Novel races story of Japanese soldier in Vietnam

Richard A. Rajner

Submitted by RICHARD A. RAJNER

Local author Richard A. Rajner has announced the release of his novel, Hiroshi’s Story: The Journals of a Japanese Soldier in Viet Nam, 1941-1968, published by Austin Macauley, New York, NY.  T

During the next few weeks, Rick will be giving short presentations, followed by a question and answer period and a book signing at Gathering Volumes in Perrysburg (April 13 at 2:00) Waterville Branch Library (April 22 at 7:00) and Maumee Branch Library (May 6 at 6:30).   

The book departs from the common themes associated with Vietnam’s twentieth century wars, chronicling the experiences of of a humble enemy private.  Hiroshi Watanabe was one of five thousand Japanese servicemen who volunteered to remain in-country at the end of World War Two, shifting their allegiance from Emperor Hirohito to the Viet Minh. 

Two things separate Private Watanabe from his comrades in both armies:  he recorded his experiences in carefully-written journals, and he soldiered on for a remarkably long time, twenty-eight years, nine months, and four days.
In addition to the conventional accounts of firefights and hardships, Hiroshi takes the reader behind the scenes, describing every imaginable element of life on the other side of the battle lines.  His scope is broader than any historian’s and includes hundreds of little-known (but incredibly interesting) aspects of the wars:  The day-to-day duties of an anti-aircraft gun crew at a backwater airbase; hundreds of miles from the front; The clever propaganda that persuaded thousands of Japanese servicemen to remain in Vietnam; The independence movement’s well-camouflaged base camps, its training regimen, its logistics systems, its rations; and the taxes that paid rebel soldiers. 

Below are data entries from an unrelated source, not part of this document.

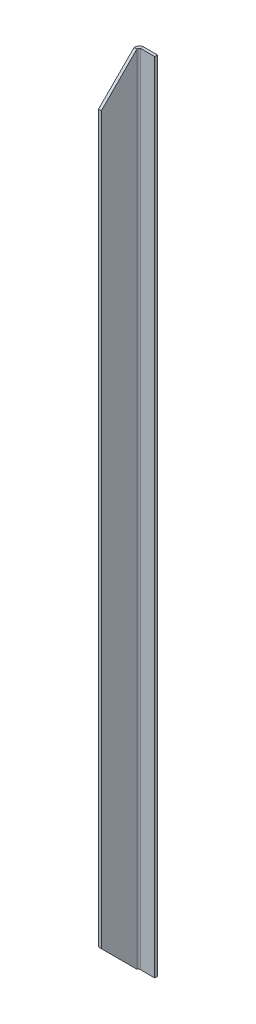
ISO-10303-21;
HEADER;
FILE_DESCRIPTION(('STEP AP214'),'2;1');
FILE_NAME('part.step','',(''),(''),'','','');
FILE_SCHEMA(('AUTOMOTIVE_DESIGN { 1 0 10303 214 1 1 1 1 }'));
ENDSEC;
DATA;
#1=APPLICATION_CONTEXT('core data for automotive mechanical design processes');
#2=APPLICATION_PROTOCOL_DEFINITION('international standard','automotive_design',2000,#1);
#3=PRODUCT_CONTEXT('',#1,'mechanical');
#4=PRODUCT('Part','Part','',(#3));
#5=PRODUCT_RELATED_PRODUCT_CATEGORY('part','',(#4));
#6=PRODUCT_DEFINITION_FORMATION('','',#4);
#7=PRODUCT_DEFINITION_CONTEXT('part definition',#1,'design');
#8=PRODUCT_DEFINITION('design','',#6,#7);
#9=PRODUCT_DEFINITION_SHAPE('','',#8);
#10=(LENGTH_UNIT() NAMED_UNIT(*) SI_UNIT(.MILLI.,.METRE.));
#11=(NAMED_UNIT(*) PLANE_ANGLE_UNIT() SI_UNIT($,.RADIAN.));
#12=(NAMED_UNIT(*) SI_UNIT($,.STERADIAN.) SOLID_ANGLE_UNIT());
#13=UNCERTAINTY_MEASURE_WITH_UNIT(LENGTH_MEASURE(1.E-05),#10,'distance_accuracy_value','');
#14=(GEOMETRIC_REPRESENTATION_CONTEXT(3) GLOBAL_UNCERTAINTY_ASSIGNED_CONTEXT((#13)) GLOBAL_UNIT_ASSIGNED_CONTEXT((#10,
#11,#12)) REPRESENTATION_CONTEXT('',''));
#15=CARTESIAN_POINT('',(0.,0.,0.));
#16=DIRECTION('',(0.,0.,1.));
#17=DIRECTION('',(1.,0.,0.));
#18=AXIS2_PLACEMENT_3D('',#15,#16,#17);
#19=CARTESIAN_POINT('',(5.77315972805081E-12,0.,610.));
#20=DIRECTION('',(0.,0.,1.));
#21=DIRECTION('',(1.,0.,0.));
#22=AXIS2_PLACEMENT_3D('',#19,#20,#21);
#23=PLANE('',#22);
#24=DIRECTION('',(0.,-1.,0.));
#25=VECTOR('',#24,1.);
#26=CARTESIAN_POINT('',(-1167.49999999999,-1197.79289321881,610.000000000011));
#27=LINE('',#26,#25);
#28=CARTESIAN_POINT('',(-1167.5,-772.207106781186,610.000000000011));
#29=VERTEX_POINT('',#28);
#30=CARTESIAN_POINT('',(-1167.49999999999,-1197.79289321881,610.000000000011));
#31=VERTEX_POINT('',#30);
#32=EDGE_CURVE('E178',#29,#31,#27,.T.);
#33=ORIENTED_EDGE('',*,*,#32,.F.);
#34=DIRECTION('',(-1.,0.,0.));
#35=VECTOR('',#34,1.);
#36=CARTESIAN_POINT('',(-1168.49999999999,-772.207106781186,610.000000000011));
#37=LINE('',#36,#35);
#38=CARTESIAN_POINT('',(-1159.99999999999,-772.207106781186,610.000000000011));
#39=VERTEX_POINT('',#38);
#40=EDGE_CURVE('E293',#39,#29,#37,.T.);
#41=ORIENTED_EDGE('',*,*,#40,.F.);
#42=DIRECTION('',(0.,1.,0.));
#43=VECTOR('',#42,1.);
#44=CARTESIAN_POINT('',(-1159.99999999999,-771.5,610.000000000011));
#45=LINE('',#44,#43);
#46=CARTESIAN_POINT('',(-1159.99999999999,-1197.79289321881,610.000000000011));
#47=VERTEX_POINT('',#46);
#48=EDGE_CURVE('E252',#47,#39,#45,.T.);
#49=ORIENTED_EDGE('',*,*,#48,.F.);
#50=DIRECTION('',(-1.,0.,0.));
#51=VECTOR('',#50,1.);
#52=CARTESIAN_POINT('',(-1168.49999999999,-1197.79289321881,610.000000000011));
#53=LINE('',#52,#51);
#54=EDGE_CURVE('E448',#47,#31,#53,.T.);
#55=ORIENTED_EDGE('',*,*,#54,.T.);
#56=EDGE_LOOP('',(#33,#41,#49,#55));
#57=FACE_BOUND('',#56,.T.);
#58=ADVANCED_FACE('F59',(#57),#23,.F.);
#59=CARTESIAN_POINT('',(1.4210854715202E-11,-1197.79289321881,1462.80373338247));
#60=DIRECTION('',(0.,1.,0.));
#61=DIRECTION('',(-1.,0.,0.));
#62=AXIS2_PLACEMENT_3D('',#59,#60,#61);
#63=PLANE('',#62);
#64=CARTESIAN_POINT('',(-1167.49999999999,-1197.79289321881,610.000000000011));
#65=CARTESIAN_POINT('',(-1167.49999999999,-1197.79289321881,611.500000000011));
#66=B_SPLINE_CURVE_WITH_KNOTS('',1,(#64,#65),.UNSPECIFIED.,.F.,.F.,(2,2),(0.,1.),.UNSPECIFIED.);
#67=CARTESIAN_POINT('',(-1167.49999999999,-1197.79289321881,611.500000000011));
#68=VERTEX_POINT('',#67);
#69=EDGE_CURVE('E422',#68,#31,#66,.F.);
#70=ORIENTED_EDGE('',*,*,#69,.T.);
#71=ORIENTED_EDGE('',*,*,#54,.F.);
#72=DIRECTION('',(0.,0.,-1.));
#73=VECTOR('',#72,1.);
#74=CARTESIAN_POINT('',(-1159.99999999998,-1197.79289321881,1462.80373338248));
#75=LINE('',#74,#73);
#76=CARTESIAN_POINT('',(-1159.99999999999,-1197.79289321881,611.500000000011));
#77=VERTEX_POINT('',#76);
#78=EDGE_CURVE('E14',#77,#47,#75,.T.);
#79=ORIENTED_EDGE('',*,*,#78,.F.);
#80=DIRECTION('',(1.,0.,0.));
#81=VECTOR('',#80,1.);
#82=CARTESIAN_POINT('',(5.88418203051333E-12,-1197.79289321881,611.5));
#83=LINE('',#82,#81);
#84=EDGE_CURVE('E443',#68,#77,#83,.T.);
#85=ORIENTED_EDGE('',*,*,#84,.F.);
#86=EDGE_LOOP('',(#70,#71,#79,#85));
#87=FACE_BOUND('',#86,.T.);
#88=ADVANCED_FACE('F61',(#87),#63,.F.);
#89=CARTESIAN_POINT('',(-1159.99999999999,0.,1462.80373338248));
#90=DIRECTION('',(-1.,0.,0.));
#91=DIRECTION('',(0.,0.,1.));
#92=AXIS2_PLACEMENT_3D('',#89,#90,#91);
#93=PLANE('',#92);
#94=ORIENTED_EDGE('',*,*,#78,.T.);
#95=ORIENTED_EDGE('',*,*,#48,.T.);
#96=DIRECTION('',(0.,0.,-1.));
#97=VECTOR('',#96,1.);
#98=CARTESIAN_POINT('',(-1159.99999999999,-772.207106781186,1462.80373338248));
#99=LINE('',#98,#97);
#100=CARTESIAN_POINT('',(-1159.99999999999,-772.207106781186,611.500000000011));
#101=VERTEX_POINT('',#100);
#102=EDGE_CURVE('E71',#101,#39,#99,.T.);
#103=ORIENTED_EDGE('',*,*,#102,.F.);
#104=DIRECTION('',(0.,1.,0.));
#105=VECTOR('',#104,1.);
#106=CARTESIAN_POINT('',(-1159.99999999999,0.,611.500000000011));
#107=LINE('',#106,#105);
#108=EDGE_CURVE('E81',#77,#101,#107,.T.);
#109=ORIENTED_EDGE('',*,*,#108,.F.);
#110=EDGE_LOOP('',(#94,#95,#103,#109));
#111=FACE_BOUND('',#110,.T.);
#112=ADVANCED_FACE('F483',(#111),#93,.F.);
#113=CARTESIAN_POINT('',(1.4210854715202E-11,-772.207106781186,1462.80373338247));
#114=DIRECTION('',(0.,-1.,0.));
#115=DIRECTION('',(1.,0.,0.));
#116=AXIS2_PLACEMENT_3D('',#113,#114,#115);
#117=PLANE('',#116);
#118=ORIENTED_EDGE('',*,*,#102,.T.);
#119=ORIENTED_EDGE('',*,*,#40,.T.);
#120=CARTESIAN_POINT('',(-1167.49999999999,-772.207106781186,611.500000000011));
#121=CARTESIAN_POINT('',(-1167.5,-772.207106781186,610.000000000011));
#122=B_SPLINE_CURVE_WITH_KNOTS('',1,(#120,#121),.UNSPECIFIED.,.F.,.F.,(2,2),(0.,1.),.UNSPECIFIED.);
#123=CARTESIAN_POINT('',(-1167.5,-772.207106781186,611.500000000011));
#124=VERTEX_POINT('',#123);
#125=EDGE_CURVE('E406',#124,#29,#122,.T.);
#126=ORIENTED_EDGE('',*,*,#125,.F.);
#127=DIRECTION('',(1.,0.,0.));
#128=VECTOR('',#127,1.);
#129=CARTESIAN_POINT('',(5.88418203051333E-12,-772.207106781186,611.5));
#130=LINE('',#129,#128);
#131=EDGE_CURVE('E90',#101,#124,#130,.F.);
#132=ORIENTED_EDGE('',*,*,#131,.F.);
#133=EDGE_LOOP('',(#118,#119,#126,#132));
#134=FACE_BOUND('',#133,.T.);
#135=ADVANCED_FACE('F487',(#134),#117,.F.);
#136=CARTESIAN_POINT('',(5.77315972805081E-12,0.,611.5));
#137=DIRECTION('',(0.,0.,1.));
#138=DIRECTION('',(1.,0.,0.));
#139=AXIS2_PLACEMENT_3D('',#136,#137,#138);
#140=PLANE('',#139);
#141=ORIENTED_EDGE('',*,*,#84,.T.);
#142=ORIENTED_EDGE('',*,*,#108,.T.);
#143=ORIENTED_EDGE('',*,*,#131,.T.);
#144=DIRECTION('',(0.,-1.,0.));
#145=VECTOR('',#144,1.);
#146=CARTESIAN_POINT('',(-1167.49999999999,-1197.79289321881,611.500000000011));
#147=LINE('',#146,#145);
#148=EDGE_CURVE('E412',#124,#68,#147,.T.);
#149=ORIENTED_EDGE('',*,*,#148,.T.);
#150=EDGE_LOOP('',(#141,#142,#143,#149));
#151=FACE_BOUND('',#150,.T.);
#152=ADVANCED_FACE('F457',(#151),#140,.T.);
#153=CARTESIAN_POINT('',(-317.651012223669,-1.00903208419055E-12,631.500000000003));
#154=DIRECTION('',(0.,0.,1.));
#155=DIRECTION('',(1.,0.,0.));
#156=AXIS2_PLACEMENT_3D('',#153,#154,#155);
#157=PLANE('',#156);
#158=DIRECTION('',(-1.,0.,0.));
#159=VECTOR('',#158,1.);
#160=CARTESIAN_POINT('',(-317.651012223665,-791.499999999997,631.500000000003));
#161=LINE('',#160,#159);
#162=CARTESIAN_POINT('',(-1168.49999999999,-791.5,631.500000000011));
#163=VERTEX_POINT('',#162);
#164=CARTESIAN_POINT('',(-1169.99999999999,-791.5,631.500000000011));
#165=VERTEX_POINT('',#164);
#166=EDGE_CURVE('E165',#163,#165,#161,.T.);
#167=ORIENTED_EDGE('',*,*,#166,.T.);
#168=DIRECTION('',(0.,1.,0.));
#169=VECTOR('',#168,1.);
#170=CARTESIAN_POINT('',(-1169.99999999999,-791.5,631.500000000011));
#171=LINE('',#170,#169);
#172=CARTESIAN_POINT('',(-1169.99999999999,-1178.5,631.500000000011));
#173=VERTEX_POINT('',#172);
#174=EDGE_CURVE('E193',#173,#165,#171,.T.);
#175=ORIENTED_EDGE('',*,*,#174,.F.);
#176=DIRECTION('',(-1.,0.,0.));
#177=VECTOR('',#176,1.);
#178=CARTESIAN_POINT('',(-317.651012223665,-1178.5,631.500000000003));
#179=LINE('',#178,#177);
#180=CARTESIAN_POINT('',(-1168.49999999999,-1178.5,631.500000000011));
#181=VERTEX_POINT('',#180);
#182=EDGE_CURVE('E188',#181,#173,#179,.T.);
#183=ORIENTED_EDGE('',*,*,#182,.F.);
#184=DIRECTION('',(0.,1.,0.));
#185=VECTOR('',#184,1.);
#186=CARTESIAN_POINT('',(-1168.5,-3.66373598126302E-12,631.500000000011));
#187=LINE('',#186,#185);
#188=EDGE_CURVE('E266',#181,#163,#187,.T.);
#189=ORIENTED_EDGE('',*,*,#188,.T.);
#190=EDGE_LOOP('',(#167,#175,#183,#189));
#191=FACE_BOUND('',#190,.T.);
#192=ADVANCED_FACE('F289',(#191),#157,.T.);
#193=CARTESIAN_POINT('',(-1168.5,-3.66373598126302E-12,1.13919852179567E-11));
#194=DIRECTION('',(-1.,0.,0.));
#195=DIRECTION('',(0.,0.,1.));
#196=AXIS2_PLACEMENT_3D('',#193,#194,#195);
#197=PLANE('',#196);
#198=DIRECTION('',(0.,1.,0.));
#199=VECTOR('',#198,1.);
#200=CARTESIAN_POINT('',(-1168.5,-3.66373598126302E-12,612.500000000011));
#201=LINE('',#200,#199);
#202=CARTESIAN_POINT('',(-1168.49999999999,-772.5,612.500000000011));
#203=VERTEX_POINT('',#202);
#204=CARTESIAN_POINT('',(-1168.49999999999,-1197.5,612.500000000011));
#205=VERTEX_POINT('',#204);
#206=EDGE_CURVE('E166',#203,#205,#201,.F.);
#207=ORIENTED_EDGE('',*,*,#206,.F.);
#208=DIRECTION('',(0.,-0.707106781186546,0.70710678118655));
#209=VECTOR('',#208,1.);
#210=CARTESIAN_POINT('',(-1168.5,-80.000000000004,-79.9999999999885));
#211=LINE('',#210,#209);
#212=EDGE_CURVE('E271',#203,#163,#211,.T.);
#213=ORIENTED_EDGE('',*,*,#212,.T.);
#214=ORIENTED_EDGE('',*,*,#188,.F.);
#215=DIRECTION('',(0.,-0.707106781186548,-0.707106781186548));
#216=VECTOR('',#215,1.);
#217=CARTESIAN_POINT('',(-1168.49999999999,-905.000000000002,905.00000000001));
#218=LINE('',#217,#216);
#219=EDGE_CURVE('E275',#181,#205,#218,.T.);
#220=ORIENTED_EDGE('',*,*,#219,.T.);
#221=EDGE_LOOP('',(#207,#213,#214,#220));
#222=FACE_BOUND('',#221,.T.);
#223=ADVANCED_FACE('F229',(#222),#197,.F.);
#224=CARTESIAN_POINT('',(-317.651012223675,-80.0000000000013,-79.9999999999967));
#225=DIRECTION('',(0.,-0.707106781186549,-0.707106781186546));
#226=DIRECTION('',(0.,0.707106781186546,-0.707106781186549));
#227=AXIS2_PLACEMENT_3D('',#224,#225,#226);
#228=PLANE('',#227);
#229=DIRECTION('',(0.,-0.707106781186546,0.70710678118655));
#230=VECTOR('',#229,1.);
#231=CARTESIAN_POINT('',(-1170.,-80.000000000004,-79.9999999999884));
#232=LINE('',#231,#230);
#233=CARTESIAN_POINT('',(-1169.99999999999,-772.5,612.500000000011));
#234=VERTEX_POINT('',#233);
#235=EDGE_CURVE('E198',#234,#165,#232,.T.);
#236=ORIENTED_EDGE('',*,*,#235,.T.);
#237=ORIENTED_EDGE('',*,*,#166,.F.);
#238=ORIENTED_EDGE('',*,*,#212,.F.);
#239=CARTESIAN_POINT('',(-1169.99999999999,-772.5,612.500000000011));
#240=CARTESIAN_POINT('',(-1168.49999999999,-772.5,612.500000000011));
#241=B_SPLINE_CURVE_WITH_KNOTS('',1,(#239,#240),.UNSPECIFIED.,.F.,.F.,(2,2),(0.,1.),.UNSPECIFIED.);
#242=EDGE_CURVE('E200',#203,#234,#241,.F.);
#243=ORIENTED_EDGE('',*,*,#242,.T.);
#244=EDGE_LOOP('',(#236,#237,#238,#243));
#245=FACE_BOUND('',#244,.T.);
#246=ADVANCED_FACE('F219',(#245),#228,.F.);
#247=CARTESIAN_POINT('',(-1170.,-3.66373598126302E-12,1.14066090757461E-11));
#248=DIRECTION('',(-1.,0.,0.));
#249=DIRECTION('',(0.,0.,1.));
#250=AXIS2_PLACEMENT_3D('',#247,#248,#249);
#251=PLANE('',#250);
#252=ORIENTED_EDGE('',*,*,#235,.F.);
#253=DIRECTION('',(0.,1.,0.));
#254=VECTOR('',#253,1.);
#255=CARTESIAN_POINT('',(-1170.,-3.66373598126302E-12,612.500000000011));
#256=LINE('',#255,#254);
#257=CARTESIAN_POINT('',(-1169.99999999999,-1197.5,612.500000000011));
#258=VERTEX_POINT('',#257);
#259=EDGE_CURVE('E176',#234,#258,#256,.F.);
#260=ORIENTED_EDGE('',*,*,#259,.T.);
#261=DIRECTION('',(0.,-0.707106781186548,-0.707106781186548));
#262=VECTOR('',#261,1.);
#263=CARTESIAN_POINT('',(-1169.99999999999,-905.000000000002,905.00000000001));
#264=LINE('',#263,#262);
#265=EDGE_CURVE('E185',#173,#258,#264,.T.);
#266=ORIENTED_EDGE('',*,*,#265,.F.);
#267=ORIENTED_EDGE('',*,*,#174,.T.);
#268=EDGE_LOOP('',(#252,#260,#266,#267));
#269=FACE_BOUND('',#268,.T.);
#270=ADVANCED_FACE('F197',(#269),#251,.T.);
#271=CARTESIAN_POINT('',(-317.651012223664,-904.999999999999,905.000000000001));
#272=DIRECTION('',(0.,0.707106781186547,-0.707106781186547));
#273=DIRECTION('',(0.,0.707106781186548,0.707106781186548));
#274=AXIS2_PLACEMENT_3D('',#271,#272,#273);
#275=PLANE('',#274);
#276=ORIENTED_EDGE('',*,*,#265,.T.);
#277=CARTESIAN_POINT('',(-1168.49999999999,-1197.5,612.500000000011));
#278=CARTESIAN_POINT('',(-1169.99999999999,-1197.5,612.500000000011));
#279=B_SPLINE_CURVE_WITH_KNOTS('',1,(#277,#278),.UNSPECIFIED.,.F.,.F.,(2,2),(0.,1.),.UNSPECIFIED.);
#280=EDGE_CURVE('E149',#205,#258,#279,.T.);
#281=ORIENTED_EDGE('',*,*,#280,.F.);
#282=ORIENTED_EDGE('',*,*,#219,.F.);
#283=ORIENTED_EDGE('',*,*,#182,.T.);
#284=EDGE_LOOP('',(#276,#281,#282,#283));
#285=FACE_BOUND('',#284,.T.);
#286=ADVANCED_FACE('F186',(#285),#275,.F.);
#287=CARTESIAN_POINT('',(-1167.49999999999,-1197.79289321881,610.000000000011));
#288=CARTESIAN_POINT('',(-1167.82730791048,-1197.76848107427,610.000000000011));
#289=CARTESIAN_POINT('',(-1168.15436971089,-1197.74407768234,610.06506830834));
#290=CARTESIAN_POINT('',(-1168.75904745092,-1197.69526214588,610.315534029125));
#291=CARTESIAN_POINT('',(-1169.03636679993,-1197.67085437764,610.500832894015));
#292=CARTESIAN_POINT('',(-1169.49916710599,-1197.62203884117,610.963633200073));
#293=CARTESIAN_POINT('',(-1169.68446597088,-1197.59763107294,611.240952549084));
#294=CARTESIAN_POINT('',(-1169.93493169166,-1197.54881553647,611.845630289113));
#295=CARTESIAN_POINT('',(-1169.99999999999,-1197.52441214454,612.172692089522));
#296=CARTESIAN_POINT('',(-1169.99999999999,-1197.5,612.500000000011));
#297=CARTESIAN_POINT('',(-1167.49999999999,-1197.79289321881,611.500000000011));
#298=CARTESIAN_POINT('',(-1167.63092250177,-1197.76848119779,611.500000000011));
#299=CARTESIAN_POINT('',(-1167.76174788435,-1197.74407768234,611.526027323343));
#300=CARTESIAN_POINT('',(-1168.00361898036,-1197.69526214588,611.626213611657));
#301=CARTESIAN_POINT('',(-1168.11454671997,-1197.67085437764,611.700333157613));
#302=CARTESIAN_POINT('',(-1168.29966684239,-1197.62203884117,611.885453280036));
#303=CARTESIAN_POINT('',(-1168.37378638835,-1197.59763107294,611.99638101964));
#304=CARTESIAN_POINT('',(-1168.47397267666,-1197.54881553647,612.238252115652));
#305=CARTESIAN_POINT('',(-1168.49999999999,-1197.52441202103,612.369077498236));
#306=CARTESIAN_POINT('',(-1168.49999999999,-1197.5,612.500000000011));
#307=B_SPLINE_SURFACE_WITH_KNOTS('',1,3,((#287,#288,#289,#290,#291,#292,#293,#294,#295,#296),
(#297,#298,#299,#300,#301,#302,#303,#304,#305,#306)),.UNSPECIFIED.,.F.,.F.,.F.,(2,2),(4,2,2,2,
4),(0.,1.),(0.,0.25,0.5,0.75,1.),.UNSPECIFIED.);
#308=CARTESIAN_POINT('',(-1167.49999999999,-1197.79289321881,611.500000000011));
#309=CARTESIAN_POINT('',(-1167.63092250177,-1197.76848119779,611.500000000011));
#310=CARTESIAN_POINT('',(-1167.76174788435,-1197.74407768234,611.526027323343));
#311=CARTESIAN_POINT('',(-1168.00361898036,-1197.69526214588,611.626213611657));
#312=CARTESIAN_POINT('',(-1168.11454671997,-1197.67085437764,611.700333157613));
#313=CARTESIAN_POINT('',(-1168.29966684239,-1197.62203884117,611.885453280036));
#314=CARTESIAN_POINT('',(-1168.37378638835,-1197.59763107294,611.99638101964));
#315=CARTESIAN_POINT('',(-1168.47397267666,-1197.54881553647,612.238252115652));
#316=CARTESIAN_POINT('',(-1168.49999999999,-1197.52441202103,612.369077498236));
#317=CARTESIAN_POINT('',(-1168.49999999999,-1197.5,612.500000000011));
#318=B_SPLINE_CURVE_WITH_KNOTS('',3,(#308,#309,#310,#311,#312,#313,#314,#315,#316,#317),
.UNSPECIFIED.,.F.,.F.,(4,2,2,2,4),(0.,0.25,0.5,0.75,1.),.UNSPECIFIED.);
#319=EDGE_CURVE('E157',#68,#205,#318,.T.);
#320=CARTESIAN_POINT('',(-1169.99999999999,-1197.5,612.500000000011));
#321=CARTESIAN_POINT('',(-1169.99999999999,-1197.52441214454,612.172692089522));
#322=CARTESIAN_POINT('',(-1169.93493169166,-1197.54881553647,611.845630289113));
#323=CARTESIAN_POINT('',(-1169.68446597088,-1197.59763107294,611.240952549084));
#324=CARTESIAN_POINT('',(-1169.49916710599,-1197.62203884117,610.963633200073));
#325=CARTESIAN_POINT('',(-1169.03636679993,-1197.67085437764,610.500832894015));
#326=CARTESIAN_POINT('',(-1168.75904745092,-1197.69526214588,610.315534029125));
#327=CARTESIAN_POINT('',(-1168.15436971089,-1197.74407768234,610.06506830834));
#328=CARTESIAN_POINT('',(-1167.82730791048,-1197.76848107427,610.000000000011));
#329=CARTESIAN_POINT('',(-1167.49999999999,-1197.79289321881,610.000000000011));
#330=B_SPLINE_CURVE_WITH_KNOTS('',3,(#320,#321,#322,#323,#324,#325,#326,#327,#328,#329),
.UNSPECIFIED.,.F.,.F.,(4,2,2,2,4),(0.,0.25,0.5,0.75,1.),.UNSPECIFIED.);
#331=EDGE_CURVE('E154',#31,#258,#330,.F.);
#332=ORIENTED_EDGE('',*,*,#69,.F.);
#333=ORIENTED_EDGE('',*,*,#319,.T.);
#334=ORIENTED_EDGE('',*,*,#280,.T.);
#335=ORIENTED_EDGE('',*,*,#331,.F.);
#336=EDGE_LOOP('',(#332,#333,#334,#335));
#337=FACE_BOUND('',#336,.T.);
#338=ADVANCED_FACE('F153',(#337),#307,.T.);
#339=CARTESIAN_POINT('',(-1169.99999999999,-772.5,612.500000000011));
#340=CARTESIAN_POINT('',(-1169.99999999999,-772.475587855456,612.172692089522));
#341=CARTESIAN_POINT('',(-1169.93493169167,-772.451184463531,611.845630289113));
#342=CARTESIAN_POINT('',(-1169.68446597088,-772.402368927062,611.240952549084));
#343=CARTESIAN_POINT('',(-1169.49916710599,-772.377961158827,610.963633200074));
#344=CARTESIAN_POINT('',(-1169.03636679993,-772.329145622359,610.500832894016));
#345=CARTESIAN_POINT('',(-1168.75904745092,-772.304737854124,610.315534029126));
#346=CARTESIAN_POINT('',(-1168.15436971089,-772.255922317655,610.065068308341));
#347=CARTESIAN_POINT('',(-1167.82730791048,-772.23151892573,610.000000000011));
#348=CARTESIAN_POINT('',(-1167.5,-772.207106781186,610.000000000011));
#349=CARTESIAN_POINT('',(-1168.49999999999,-772.5,612.500000000011));
#350=CARTESIAN_POINT('',(-1168.49999999999,-772.475587978972,612.369077498236));
#351=CARTESIAN_POINT('',(-1168.47397267666,-772.451184463531,612.238252115652));
#352=CARTESIAN_POINT('',(-1168.37378638835,-772.402368927062,611.99638101964));
#353=CARTESIAN_POINT('',(-1168.29966684239,-772.377961158827,611.885453280036));
#354=CARTESIAN_POINT('',(-1168.11454671997,-772.329145622359,611.700333157613));
#355=CARTESIAN_POINT('',(-1168.00361898037,-772.304737854124,611.626213611657));
#356=CARTESIAN_POINT('',(-1167.76174788435,-772.255922317655,611.526027323343));
#357=CARTESIAN_POINT('',(-1167.63092250177,-772.231518802214,611.500000000011));
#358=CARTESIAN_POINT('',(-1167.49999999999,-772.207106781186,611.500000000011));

Hiroshi also reveals how an ancient remedy used arsenic and other heavy metals to save his life when malaria swept through the ranks; how his unit sawed apart a dud aerial bomb and salvaged the explosives to hand-craft land mines in a jungle workshop; and how teams of locally-based soldiers used the cover of darkness to guide Communist troops and weapons along trail networks that stretched from the Cambodian border to the Mekong Delta. 

Woven among the enemy’s secrets, Private Watanabe also tells the story of his love for Tam, a Vietnamese war widow he acquires in a marriage arranged by his commanders, adding another unusual element to this unique tale. 

The 498-page book is available at Gathering Volumes in Perrysburg, local Barnes and Noble outlets, and Amazon.

Richard A. “Rick” Rajner followed four career paths, all beginning with the letter “S.”  He became a soldier by volunteering for the draft in 1966.  Rick didn’t see the U.S. Army as a vocation; he simply wanted to avoid four years of undergraduate poverty by qualifying for educational benefits offered under the provisions of the GI Bill.  After his unit was attacked near the Korean DMZ, he volunteered to serve in Vietnam. 

In 1968, he returned to school, then re-enlisted when he realized his younger brothers were likely to be drafted.  He served two more tours in Vietnam, earning more than two dozen decorations.  After leaving the Army, Rick entered Local 50’s apprentice program; four years later he became a journeyman steamfitter. 

An unsuccessful surgery, which intended to repair a wartime injury, sent Rick back to college where he remained for ten years.  In his years as a scholar, he taught Anthropology and American History, and authored a number of popular, academic, and “history-for-hire” works. 

A few years after he retired, he noticed an a news item announcing a Veterans Writing Workshop offered by Lourdes University and the Toledo-Lucas County Public Library.  There he found his fourth calling:  storyteller.  Hiroshi’s Story was inspired by one of the in-class exercises in that nine-month course.